**What is expected**.
Make an exact copy of the listing underneath, skipping each picture.

**Information supplied**.

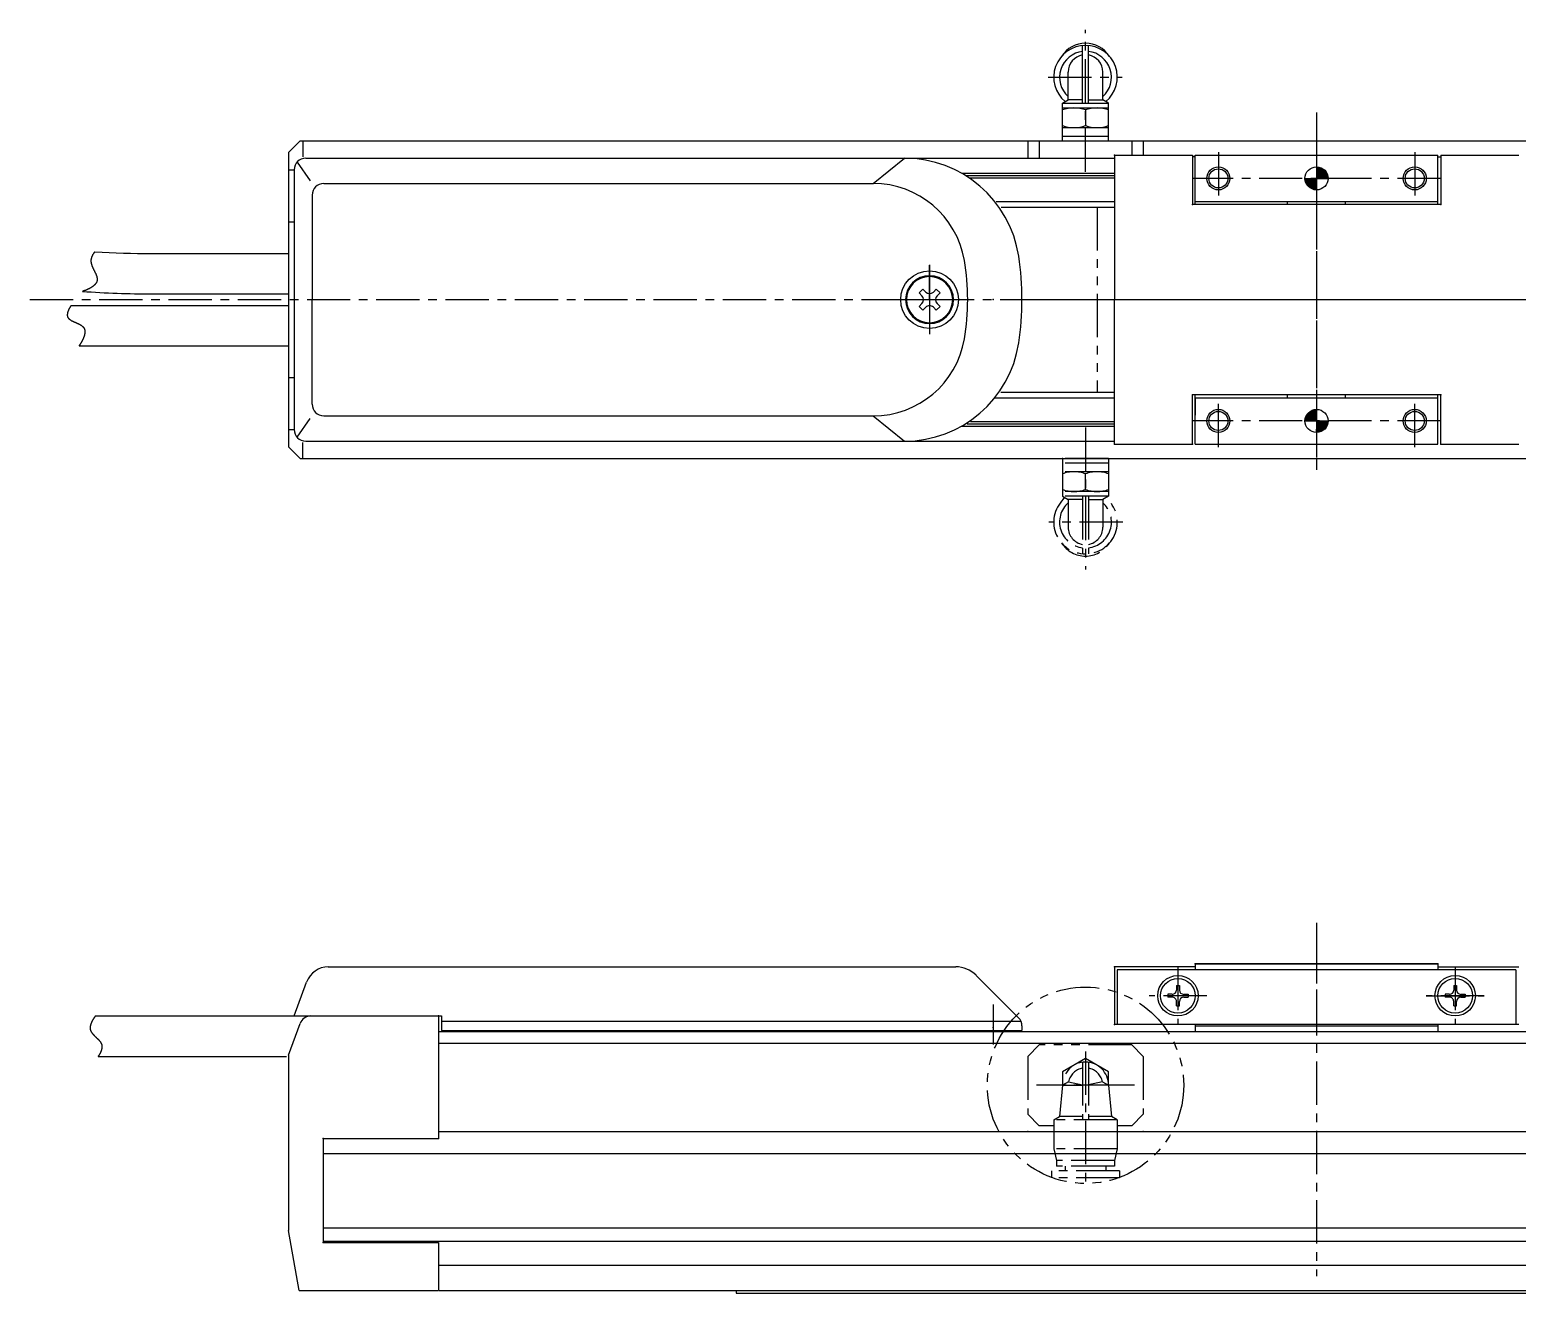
# Model space of a CAD drawing. Extents: x -697 to -86, y 122 to 519.
# Drawn here: x -565.8 to -308.3, y 299.8 to 518.5 of the extents above; entities that cross this region are included whole.
import ezdxf

# ---------------------------------------------------------------- set-up
doc = ezdxf.new("R2010")
doc.units = 0
for name, pattern in [('CENTER', [12, 7.5, -1.5, 1.5, -1.5]), ('CONTINOUS', [0]), ('PHANTOM', [15, 7.5, -1.5, 1.5, -1.5, 1.5, -1.5])]:
    doc.linetypes.add(name, pattern=pattern)
doc.layers.get('0').update_dxf_attribs({"linetype": 'CONTINUOUS'})
doc.layers.add('CENTER', color=1, linetype='CENTER')

# ---------------------------------------------------------------- blocks, each defined once
blk = doc.blocks.new('*U2')
at = {"color": 7, "linetype": 'CONTINUOUS'}
for p, q in [((-345.02, 492.79), (-343.02, 492.79)), ((-345.02, 492.79), (-344.43, 491.37)), ((-343.02, 492.79), (-343.02, 491.37)), ((-343.02, 490.79), (-344.43, 491.37)), ((-343.02, 491.37), (-343.02, 490.79))]:
    blk.add_line(p, q, dxfattribs=at)
for points in [[(-345.02, 492.79), (-345.02, 492.79), (-343.02, 492.79)], [(-345.02, 492.79), (-344.43, 491.37), (-343.02, 491.37)]]:
    blk.add_solid(points, dxfattribs=at)
at = {"color": 7, "linetype": 'CONTINUOUS', "extrusion": (0, 0, -1)}
for points in [[(345.02, 492.79), (343.02, 492.79), (343.02, 491.37)], [(344.43, 491.37), (343.02, 491.37), (343.02, 490.79)]]:
    blk.add_solid(points, dxfattribs=at)
blk = doc.blocks.new('*U3')
at = {"color": 7, "linetype": 'CONTINUOUS'}
for p, q in [((-343.02, 494.79), (-343.02, 494.2)), ((-341.6, 494.2), (-343.02, 494.79)), ((-343.02, 494.2), (-343.02, 492.79)), ((-343.02, 492.79), (-341.02, 492.79)), ((-341.6, 494.2), (-341.02, 492.79))]:
    blk.add_line(p, q, dxfattribs=at)
for points in [[(-343.02, 494.79), (-343.02, 494.2), (-341.6, 494.2)], [(-343.02, 494.2), (-343.02, 492.79), (-341.02, 492.79)], [(-343.02, 492.79), (-343.02, 492.79), (-341.02, 492.79)]]:
    blk.add_solid(points, dxfattribs=at)
at = {"color": 7, "linetype": 'CONTINUOUS', "extrusion": (0, 0, -1)}
blk.add_solid([(343.02, 494.2), (341.6, 494.2), (341.02, 492.79)], dxfattribs=at)
blk = doc.blocks.new('*U4')
at = {"color": 7, "linetype": 'CONTINUOUS'}
for p, q in [((-344.43, 452.2), (-345.02, 450.79)), ((-345.02, 450.79), (-343.02, 450.79)), ((-343.02, 452.79), (-344.43, 452.2)), ((-343.02, 452.2), (-343.02, 452.79)), ((-343.02, 452.2), (-343.02, 450.79))]:
    blk.add_line(p, q, dxfattribs=at)
for points in [[(-344.43, 452.2), (-345.02, 450.79), (-343.02, 450.79)], [(-345.02, 450.79), (-345.02, 450.79), (-343.02, 450.79)], [(-343.02, 452.79), (-344.43, 452.2), (-343.02, 452.2)]]:
    blk.add_solid(points, dxfattribs=at)
at = {"color": 7, "linetype": 'CONTINUOUS', "extrusion": (0, 0, -1)}
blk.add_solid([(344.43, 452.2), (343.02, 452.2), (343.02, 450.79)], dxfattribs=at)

**Result for this exercise**.
# Model space of a CAD drawing. Extents: x -697 to -86, y 122 to 519.
# Drawn here: x -565.8 to -308.3, y 299.8 to 518.5 of the extents above; entities that cross this region are included whole.
import ezdxf

# ---------------------------------------------------------------- set-up
doc = ezdxf.new("R2010")
doc.units = 0
for name, pattern in [('CENTER', [12, 7.5, -1.5, 1.5, -1.5]), ('CONTINOUS', [0]), ('PHANTOM', [15, 7.5, -1.5, 1.5, -1.5, 1.5, -1.5])]:
    doc.linetypes.add(name, pattern=pattern)
doc.layers.get('0').update_dxf_attribs({"linetype": 'CONTINUOUS'})
doc.layers.add('CENTER', color=1, linetype='CENTER')

# ---------------------------------------------------------------- blocks, each defined once
blk = doc.blocks.new('*U2')
at = {"color": 7, "linetype": 'CONTINUOUS'}
for p, q in [((-345.02, 492.79), (-343.02, 492.79)), ((-345.02, 492.79), (-344.43, 491.37)), ((-343.02, 492.79), (-343.02, 491.37)), ((-343.02, 490.79), (-344.43, 491.37)), ((-343.02, 491.37), (-343.02, 490.79))]:
    blk.add_line(p, q, dxfattribs=at)
for points in [[(-345.02, 492.79), (-345.02, 492.79), (-343.02, 492.79)], [(-345.02, 492.79), (-344.43, 491.37), (-343.02, 491.37)]]:
    blk.add_solid(points, dxfattribs=at)
at = {"color": 7, "linetype": 'CONTINUOUS', "extrusion": (0, 0, -1)}
for points in [[(345.02, 492.79), (343.02, 492.79), (343.02, 491.37)], [(344.43, 491.37), (343.02, 491.37), (343.02, 490.79)]]:
    blk.add_solid(points, dxfattribs=at)
blk = doc.blocks.new('*U3')
at = {"color": 7, "linetype": 'CONTINUOUS'}
for p, q in [((-343.02, 494.79), (-343.02, 494.2)), ((-341.6, 494.2), (-343.02, 494.79)), ((-343.02, 494.2), (-343.02, 492.79)), ((-343.02, 492.79), (-341.02, 492.79)), ((-341.6, 494.2), (-341.02, 492.79))]:
    blk.add_line(p, q, dxfattribs=at)
for points in [[(-343.02, 494.79), (-343.02, 494.2), (-341.6, 494.2)], [(-343.02, 494.2), (-343.02, 492.79), (-341.02, 492.79)], [(-343.02, 492.79), (-343.02, 492.79), (-341.02, 492.79)]]:
    blk.add_solid(points, dxfattribs=at)
at = {"color": 7, "linetype": 'CONTINUOUS', "extrusion": (0, 0, -1)}
blk.add_solid([(343.02, 494.2), (341.6, 494.2), (341.02, 492.79)], dxfattribs=at)
blk = doc.blocks.new('*U4')
at = {"color": 7, "linetype": 'CONTINUOUS'}
for p, q in [((-344.43, 452.2), (-345.02, 450.79)), ((-345.02, 450.79), (-343.02, 450.79)), ((-343.02, 452.79), (-344.43, 452.2)), ((-343.02, 452.2), (-343.02, 452.79)), ((-343.02, 452.2), (-343.02, 450.79))]:
    blk.add_line(p, q, dxfattribs=at)
for points in [[(-344.43, 452.2), (-345.02, 450.79), (-343.02, 450.79)], [(-345.02, 450.79), (-345.02, 450.79), (-343.02, 450.79)], [(-343.02, 452.79), (-344.43, 452.2), (-343.02, 452.2)]]:
    blk.add_solid(points, dxfattribs=at)
at = {"color": 7, "linetype": 'CONTINUOUS', "extrusion": (0, 0, -1)}
blk.add_solid([(344.43, 452.2), (343.02, 452.2), (343.02, 450.79)], dxfattribs=at)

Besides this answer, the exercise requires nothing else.